Germany: trade unionists take action against child labour

published 26 June 2013 updated 2 July 2013

During its recent Congress, the Gewerkschaft Erziehung and Wissenschaft (GEW) has reaffirmed its commitment to the right to unrestricted and free access to quality education for everyone as a basic human right, to the UN Millennium Development Goals and to EI’s resolutions on education and on the elimination of child labour.

The GEW Congress called on EI to put more emphasis on the development of better quality and free public education in all countries and to campaign to achieve it.

Push to ban child labour

The Congress recognised that child labour is one of the biggest obstacles to the implementation of the human right to quality education. At the same time, child labour is the worst form of wage dumping and denial of workers' rights. Given that the world is progressively and increasingly tied to the economy, consequently increasing precariousness in people’s lives, the GEW Congress urged its members and branches to join the international trade union movement’s fight for decent work through goal-oriented demands and actions.

The GEW Congress welcomed the “Education instead of child labour” decision by the GEW board adopted in 2010, and the setting up of the “Fair Childhood” Foundation. It called on the GEW executive bodies to continue this work with vigour.

A catalogue of objectives for education and development

The Congress also recommended the development of a “catalogue of objectives for education and development” for GEW’s international work.

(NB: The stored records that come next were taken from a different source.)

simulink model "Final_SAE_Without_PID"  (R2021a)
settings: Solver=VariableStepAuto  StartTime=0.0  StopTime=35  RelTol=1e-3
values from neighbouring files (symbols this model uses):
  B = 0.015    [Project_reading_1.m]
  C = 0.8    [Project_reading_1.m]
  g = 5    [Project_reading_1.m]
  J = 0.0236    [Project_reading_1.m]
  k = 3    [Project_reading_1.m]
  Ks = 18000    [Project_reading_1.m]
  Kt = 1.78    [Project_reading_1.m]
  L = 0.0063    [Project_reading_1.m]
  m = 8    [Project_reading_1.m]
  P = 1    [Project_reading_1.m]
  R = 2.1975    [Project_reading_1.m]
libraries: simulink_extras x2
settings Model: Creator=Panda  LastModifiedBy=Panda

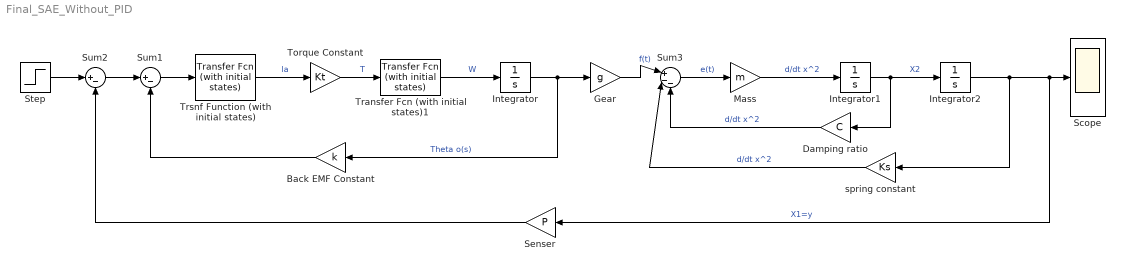
== system Final_SAE_Without_PID ==
  Back EMF Constant : Gain  Gain=k
  Damping ratio : Gain  Gain=C
  Gear : Gain  Gain=g
  Integrator : Integrator
  Integrator1 : Integrator
  Integrator2 : Integrator
  Mass : Gain  Gain=m
  Scope : Scope
  Senser : Gain  Gain=P
  Step : Step  SampleTime=0
  Sum1 : Sum  Inputs=|+-
  Sum2 : Sum  Inputs=|+-
  Sum3 : Sum  Inputs=|+--
  Torque Constant : Gain  Gain=Kt
  Transfer Fcn (with initial states)1 : simulink_extras/Additional Linear/Transfer Fcn (with initial states)  N=[1]  D="[J  B]"  X0=.5
  Trsnf Function (with initial states) : simulink_extras/Additional Linear/Transfer Fcn (with initial states)  N=[1]  D="[L  R]"  X0=.5
  spring constant : Gain  Gain=Ks
  wires:
  Back EMF Constant/1 -> Sum1/2
  Sum1/1 -> Trsnf Function (with initial states)/1
  Mass/1 -> Integrator1/1  "d/dt x^2"
  Torque Constant/1 -> Transfer Fcn (with initial states)1/1  "T"
  Trsnf Function (with initial states)/1 -> Torque Constant/1  "la"
  Sum3/1 -> Mass/1  "e(t)"
  Integrator/1 -> Back EMF Constant/1, Gear/1  "Theta o(s)"
  spring constant/1 -> Sum3/2  "d/dt x^2"
  Transfer Fcn (with initial states)1/1 -> Integrator/1  "W"
  Integrator2/1 -> Scope/1, Senser/1, spring constant/1  "X1=y"
  Integrator1/1 -> Integrator2/1, Damping ratio/1  "X2"
  Damping ratio/1 -> Sum3/3  "d/dt x^2"
  Gear/1 -> Sum3/1  "f(t)"
  Sum2/1 -> Sum1/1
  Step/1 -> Sum2/1
  Senser/1 -> Sum2/2

This catalogue of objectives should include:

• Defining GEW’s education and development policies in its international work

• Designing concrete goals and strategies

• Merging the previous activities of international solidarity work

• Integrating education and higher education policy work at the international level

• Designing guidelines for active domestic work on development policy

The development objectives should be based on the decisions of EI, the European Trade Union Committee for Education, the International Trade Union Confederation, and on previous GEW resolutions. They should demonstrate international cooperation opportunities with partner unions and non-governmental organisations, congress delegates added.

EI: Children must be in school

“We entirely support our German colleagues in their fight to ensure access to quality education for all,” said EI General Secretary Fred van Leeuwen, speaking at the GEW congress. “EI has set itself the goal of working with kindred organisations to eradicate child labour.”

Children everywhere must be at school, not at work, he stated.